What the exercise asks>
Restate the data word for word and leave the images out.
*** Opening of Entries shown ***
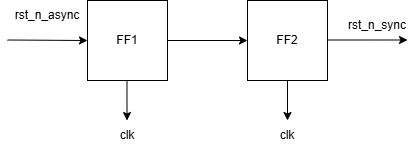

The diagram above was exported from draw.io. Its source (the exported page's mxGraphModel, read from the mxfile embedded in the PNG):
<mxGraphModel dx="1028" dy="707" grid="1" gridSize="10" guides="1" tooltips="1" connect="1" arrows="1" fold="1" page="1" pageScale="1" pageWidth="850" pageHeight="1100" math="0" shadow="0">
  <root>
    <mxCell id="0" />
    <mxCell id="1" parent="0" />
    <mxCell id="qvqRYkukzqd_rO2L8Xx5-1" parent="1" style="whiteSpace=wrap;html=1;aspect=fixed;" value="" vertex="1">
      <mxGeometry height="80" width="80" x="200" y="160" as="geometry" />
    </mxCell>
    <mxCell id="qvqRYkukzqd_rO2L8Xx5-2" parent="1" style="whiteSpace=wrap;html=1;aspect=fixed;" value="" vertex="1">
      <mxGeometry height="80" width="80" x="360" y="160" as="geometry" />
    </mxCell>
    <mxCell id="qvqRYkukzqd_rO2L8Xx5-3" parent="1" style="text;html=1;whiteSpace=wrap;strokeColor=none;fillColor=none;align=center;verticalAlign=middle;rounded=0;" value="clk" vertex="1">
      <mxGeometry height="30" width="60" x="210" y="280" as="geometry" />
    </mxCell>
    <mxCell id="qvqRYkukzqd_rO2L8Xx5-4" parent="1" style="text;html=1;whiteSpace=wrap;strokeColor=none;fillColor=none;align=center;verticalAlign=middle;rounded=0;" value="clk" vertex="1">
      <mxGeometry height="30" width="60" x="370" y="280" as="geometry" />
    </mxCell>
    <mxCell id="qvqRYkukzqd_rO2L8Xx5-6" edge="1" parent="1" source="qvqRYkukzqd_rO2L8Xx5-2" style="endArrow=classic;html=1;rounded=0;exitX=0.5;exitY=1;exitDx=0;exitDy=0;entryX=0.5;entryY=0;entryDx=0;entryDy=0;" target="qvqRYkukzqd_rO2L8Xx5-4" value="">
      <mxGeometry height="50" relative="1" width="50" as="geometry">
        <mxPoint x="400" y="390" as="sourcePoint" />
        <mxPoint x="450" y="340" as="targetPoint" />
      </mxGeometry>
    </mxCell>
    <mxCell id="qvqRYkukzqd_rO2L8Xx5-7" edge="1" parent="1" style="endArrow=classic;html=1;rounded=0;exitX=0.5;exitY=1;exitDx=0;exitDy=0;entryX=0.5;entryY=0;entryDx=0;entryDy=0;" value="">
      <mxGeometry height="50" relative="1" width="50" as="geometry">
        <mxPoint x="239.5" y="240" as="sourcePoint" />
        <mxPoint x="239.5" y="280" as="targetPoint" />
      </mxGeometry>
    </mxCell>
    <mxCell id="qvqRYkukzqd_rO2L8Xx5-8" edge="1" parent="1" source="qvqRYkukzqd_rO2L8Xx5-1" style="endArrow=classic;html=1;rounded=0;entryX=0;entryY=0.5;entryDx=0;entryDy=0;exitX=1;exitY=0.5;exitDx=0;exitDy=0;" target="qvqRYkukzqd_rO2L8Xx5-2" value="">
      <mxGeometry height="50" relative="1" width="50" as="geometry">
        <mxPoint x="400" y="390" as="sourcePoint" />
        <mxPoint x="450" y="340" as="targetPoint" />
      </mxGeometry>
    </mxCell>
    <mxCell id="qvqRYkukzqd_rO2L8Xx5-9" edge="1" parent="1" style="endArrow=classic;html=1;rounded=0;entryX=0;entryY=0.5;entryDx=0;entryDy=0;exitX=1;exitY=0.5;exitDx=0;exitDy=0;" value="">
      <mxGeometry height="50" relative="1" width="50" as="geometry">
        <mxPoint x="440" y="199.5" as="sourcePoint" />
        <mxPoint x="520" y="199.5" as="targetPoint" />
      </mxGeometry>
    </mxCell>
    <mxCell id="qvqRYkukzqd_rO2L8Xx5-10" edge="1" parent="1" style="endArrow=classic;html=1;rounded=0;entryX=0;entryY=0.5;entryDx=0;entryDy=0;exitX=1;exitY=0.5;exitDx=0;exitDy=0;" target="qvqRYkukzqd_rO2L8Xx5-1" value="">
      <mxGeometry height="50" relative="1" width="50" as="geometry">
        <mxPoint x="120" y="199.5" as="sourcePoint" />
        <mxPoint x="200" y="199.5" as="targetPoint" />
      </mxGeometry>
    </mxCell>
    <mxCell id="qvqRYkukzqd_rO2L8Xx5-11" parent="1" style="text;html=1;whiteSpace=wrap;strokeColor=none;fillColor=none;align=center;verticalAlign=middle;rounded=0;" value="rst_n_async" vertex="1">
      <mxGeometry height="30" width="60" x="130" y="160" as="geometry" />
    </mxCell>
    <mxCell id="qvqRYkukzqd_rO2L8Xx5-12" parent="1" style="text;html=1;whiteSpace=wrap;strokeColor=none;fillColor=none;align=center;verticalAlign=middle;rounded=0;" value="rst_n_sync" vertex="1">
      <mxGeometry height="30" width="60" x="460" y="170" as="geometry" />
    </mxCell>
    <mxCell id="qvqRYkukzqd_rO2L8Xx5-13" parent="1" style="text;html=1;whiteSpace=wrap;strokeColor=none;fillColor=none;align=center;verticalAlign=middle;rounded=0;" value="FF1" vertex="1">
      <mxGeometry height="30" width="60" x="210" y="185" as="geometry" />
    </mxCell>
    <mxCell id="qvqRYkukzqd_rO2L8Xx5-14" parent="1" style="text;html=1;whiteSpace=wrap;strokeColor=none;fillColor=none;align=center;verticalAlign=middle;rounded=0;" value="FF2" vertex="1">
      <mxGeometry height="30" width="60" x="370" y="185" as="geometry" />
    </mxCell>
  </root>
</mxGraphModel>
*** Close of Entries shown ***
Your response>
The diagram above was exported from draw.io. Its source (the exported page's mxGraphModel, read from the mxfile embedded in the PNG):
<mxGraphModel dx="1028" dy="707" grid="1" gridSize="10" guides="1" tooltips="1" connect="1" arrows="1" fold="1" page="1" pageScale="1" pageWidth="850" pageHeight="1100" math="0" shadow="0">
  <root>
    <mxCell id="0" />
    <mxCell id="1" parent="0" />
    <mxCell id="qvqRYkukzqd_rO2L8Xx5-1" parent="1" style="whiteSpace=wrap;html=1;aspect=fixed;" value="" vertex="1">
      <mxGeometry height="80" width="80" x="200" y="160" as="geometry" />
    </mxCell>
    <mxCell id="qvqRYkukzqd_rO2L8Xx5-2" parent="1" style="whiteSpace=wrap;html=1;aspect=fixed;" value="" vertex="1">
      <mxGeometry height="80" width="80" x="360" y="160" as="geometry" />
    </mxCell>
    <mxCell id="qvqRYkukzqd_rO2L8Xx5-3" parent="1" style="text;html=1;whiteSpace=wrap;strokeColor=none;fillColor=none;align=center;verticalAlign=middle;rounded=0;" value="clk" vertex="1">
      <mxGeometry height="30" width="60" x="210" y="280" as="geometry" />
    </mxCell>
    <mxCell id="qvqRYkukzqd_rO2L8Xx5-4" parent="1" style="text;html=1;whiteSpace=wrap;strokeColor=none;fillColor=none;align=center;verticalAlign=middle;rounded=0;" value="clk" vertex="1">
      <mxGeometry height="30" width="60" x="370" y="280" as="geometry" />
    </mxCell>
    <mxCell id="qvqRYkukzqd_rO2L8Xx5-6" edge="1" parent="1" source="qvqRYkukzqd_rO2L8Xx5-2" style="endArrow=classic;html=1;rounded=0;exitX=0.5;exitY=1;exitDx=0;exitDy=0;entryX=0.5;entryY=0;entryDx=0;entryDy=0;" target="qvqRYkukzqd_rO2L8Xx5-4" value="">
      <mxGeometry height="50" relative="1" width="50" as="geometry">
        <mxPoint x="400" y="390" as="sourcePoint" />
        <mxPoint x="450" y="340" as="targetPoint" />
      </mxGeometry>
    </mxCell>
    <mxCell id="qvqRYkukzqd_rO2L8Xx5-7" edge="1" parent="1" style="endArrow=classic;html=1;rounded=0;exitX=0.5;exitY=1;exitDx=0;exitDy=0;entryX=0.5;entryY=0;entryDx=0;entryDy=0;" value="">
      <mxGeometry height="50" relative="1" width="50" as="geometry">
        <mxPoint x="239.5" y="240" as="sourcePoint" />
        <mxPoint x="239.5" y="280" as="targetPoint" />
      </mxGeometry>
    </mxCell>
    <mxCell id="qvqRYkukzqd_rO2L8Xx5-8" edge="1" parent="1" source="qvqRYkukzqd_rO2L8Xx5-1" style="endArrow=classic;html=1;rounded=0;entryX=0;entryY=0.5;entryDx=0;entryDy=0;exitX=1;exitY=0.5;exitDx=0;exitDy=0;" target="qvqRYkukzqd_rO2L8Xx5-2" value="">
      <mxGeometry height="50" relative="1" width="50" as="geometry">
        <mxPoint x="400" y="390" as="sourcePoint" />
        <mxPoint x="450" y="340" as="targetPoint" />
      </mxGeometry>
    </mxCell>
    <mxCell id="qvqRYkukzqd_rO2L8Xx5-9" edge="1" parent="1" style="endArrow=classic;html=1;rounded=0;entryX=0;entryY=0.5;entryDx=0;entryDy=0;exitX=1;exitY=0.5;exitDx=0;exitDy=0;" value="">
      <mxGeometry height="50" relative="1" width="50" as="geometry">
        <mxPoint x="440" y="199.5" as="sourcePoint" />
        <mxPoint x="520" y="199.5" as="targetPoint" />
      </mxGeometry>
    </mxCell>
    <mxCell id="qvqRYkukzqd_rO2L8Xx5-10" edge="1" parent="1" style="endArrow=classic;html=1;rounded=0;entryX=0;entryY=0.5;entryDx=0;entryDy=0;exitX=1;exitY=0.5;exitDx=0;exitDy=0;" target="qvqRYkukzqd_rO2L8Xx5-1" value="">
      <mxGeometry height="50" relative="1" width="50" as="geometry">
        <mxPoint x="120" y="199.5" as="sourcePoint" />
        <mxPoint x="200" y="199.5" as="targetPoint" />
      </mxGeometry>
    </mxCell>
    <mxCell id="qvqRYkukzqd_rO2L8Xx5-11" parent="1" style="text;html=1;whiteSpace=wrap;strokeColor=none;fillColor=none;align=center;verticalAlign=middle;rounded=0;" value="rst_n_async" vertex="1">
      <mxGeometry height="30" width="60" x="130" y="160" as="geometry" />
    </mxCell>
    <mxCell id="qvqRYkukzqd_rO2L8Xx5-12" parent="1" style="text;html=1;whiteSpace=wrap;strokeColor=none;fillColor=none;align=center;verticalAlign=middle;rounded=0;" value="rst_n_sync" vertex="1">
      <mxGeometry height="30" width="60" x="460" y="170" as="geometry" />
    </mxCell>
    <mxCell id="qvqRYkukzqd_rO2L8Xx5-13" parent="1" style="text;html=1;whiteSpace=wrap;strokeColor=none;fillColor=none;align=center;verticalAlign=middle;rounded=0;" value="FF1" vertex="1">
      <mxGeometry height="30" width="60" x="210" y="185" as="geometry" />
    </mxCell>
    <mxCell id="qvqRYkukzqd_rO2L8Xx5-14" parent="1" style="text;html=1;whiteSpace=wrap;strokeColor=none;fillColor=none;align=center;verticalAlign=middle;rounded=0;" value="FF2" vertex="1">
      <mxGeometry height="30" width="60" x="370" y="185" as="geometry" />
    </mxCell>
  </root>
</mxGraphModel>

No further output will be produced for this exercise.